━━ EXERCISE MATERIAL ━━

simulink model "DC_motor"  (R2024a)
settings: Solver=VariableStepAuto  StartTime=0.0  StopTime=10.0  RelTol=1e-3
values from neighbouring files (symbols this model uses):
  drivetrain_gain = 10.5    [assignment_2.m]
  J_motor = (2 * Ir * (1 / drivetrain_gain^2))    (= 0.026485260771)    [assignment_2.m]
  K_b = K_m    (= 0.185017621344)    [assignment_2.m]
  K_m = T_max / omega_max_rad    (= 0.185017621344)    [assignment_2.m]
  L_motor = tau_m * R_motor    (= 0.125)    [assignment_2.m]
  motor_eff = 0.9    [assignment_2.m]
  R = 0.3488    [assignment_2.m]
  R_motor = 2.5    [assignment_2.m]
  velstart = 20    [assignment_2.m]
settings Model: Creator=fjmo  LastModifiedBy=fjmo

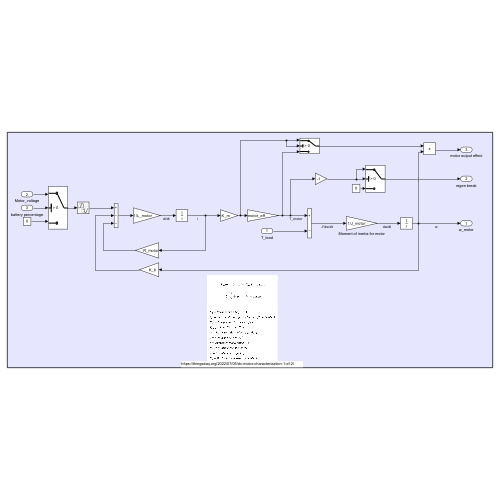
[thumbnail: Simulink's stored preview of the top-level diagram]
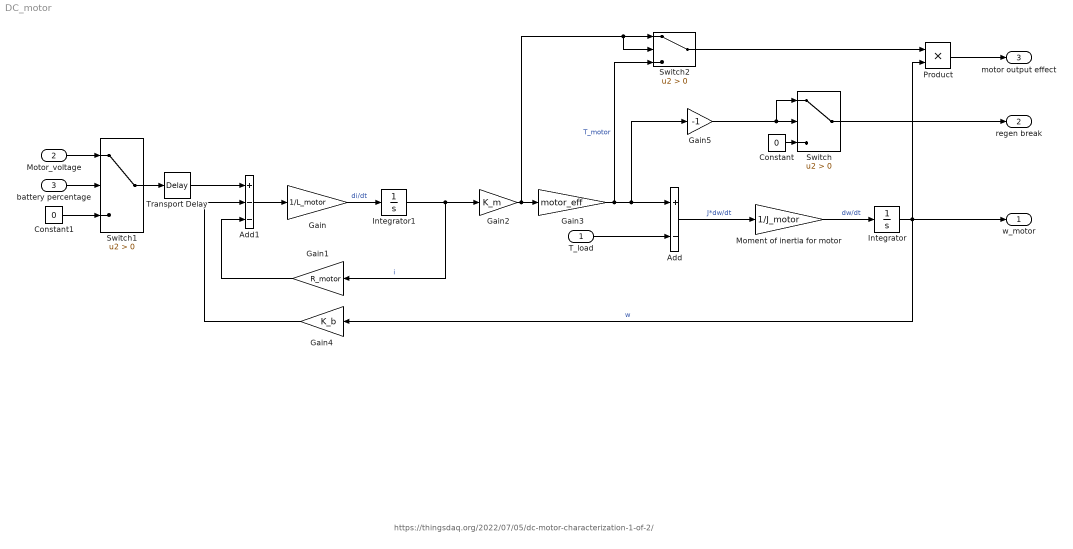
== system DC_motor ==
  note: https://thingsdaq.org/2022/07/05/dc-motor-characterization-1-of-2/
  T_load : Inport
  Motor_voltage : Inport  Port=2
  battery percentage : Inport  Port=3
  Add : Sum  Inputs=+-
  Add1 : Sum  Inputs=+--
  Constant : Constant  Value=0
  Constant1 : Constant  Value=0
  Gain : Gain  Gain=1/L_motor
  Gain1 : Gain  Gain=R_motor
  Gain2 : Gain  Gain=K_m
  Gain3 : Gain  Gain=motor_eff
  Gain4 : Gain  Gain=K_b
  Gain5 : Gain  Gain=-1
  Integrator : Integrator  InitialCondition=velstart/R*drivetrain_gain
  Integrator1 : Integrator
  Moment of inertia for motor : Gain  Gain=1/J_motor
  Product : Product
  Switch : Switch  Criteria=u2 > Threshold  SaturateOnIntegerOverflow=off  InputSameDT=off
  Switch1 : Switch  Criteria=u2 > Threshold  SaturateOnIntegerOverflow=off  InputSameDT=off
  Switch2 : Switch  Criteria=u2 > Threshold  SaturateOnIntegerOverflow=off  InputSameDT=off
  Transport Delay : TransportDelay  DelayTime=20*10^(-3)
  w_motor : Outport
  regen break : Outport  Port=2
  motor output effect : Outport  Port=3
  wires:
  Moment of inertia for motor/1 -> Integrator/1  "dw/dt"
  Add/1 -> Moment of inertia for motor/1  "J*dw/dt"
  Integrator/1 -> Product/2, w_motor/1, Gain4/1  "w"
  Integrator1/1 -> Gain2/1, Gain1/1  "i"
  Gain/1 -> Integrator1/1  "di/dt"
  Add1/1 -> Gain/1
  Gain2/1 -> Switch2/2, Switch2/1, Gain3/1
  Gain3/1 -> Switch2/3, Gain5/1, Add/1  "T_motor"
  T_load/1 -> Add/2
  Gain1/1 -> Add1/3
  Gain4/1 -> Add1/2
  Gain5/1 -> Switch/1, Switch/2
  Constant/1 -> Switch/3
  Switch/1 -> regen break/1
  Motor_voltage/1 -> Switch1/1
  battery percentage/1 -> Switch1/2
  Constant1/1 -> Switch1/3
  Product/1 -> motor output effect/1
  Switch2/1 -> Product/1
  Switch1/1 -> Transport Delay/1
  Transport Delay/1 -> Add1/1

━━━

[WORK ORDER] Only the stretch of lines that begins with the one holding "Switch2/1 -> Product/1" and ends with the last line above belongs in the answer; please write it out exactly.

[OUTPUT OF THE TASK]
  Switch2/1 -> Product/1
  Switch1/1 -> Transport Delay/1
  Transport Delay/1 -> Add1/1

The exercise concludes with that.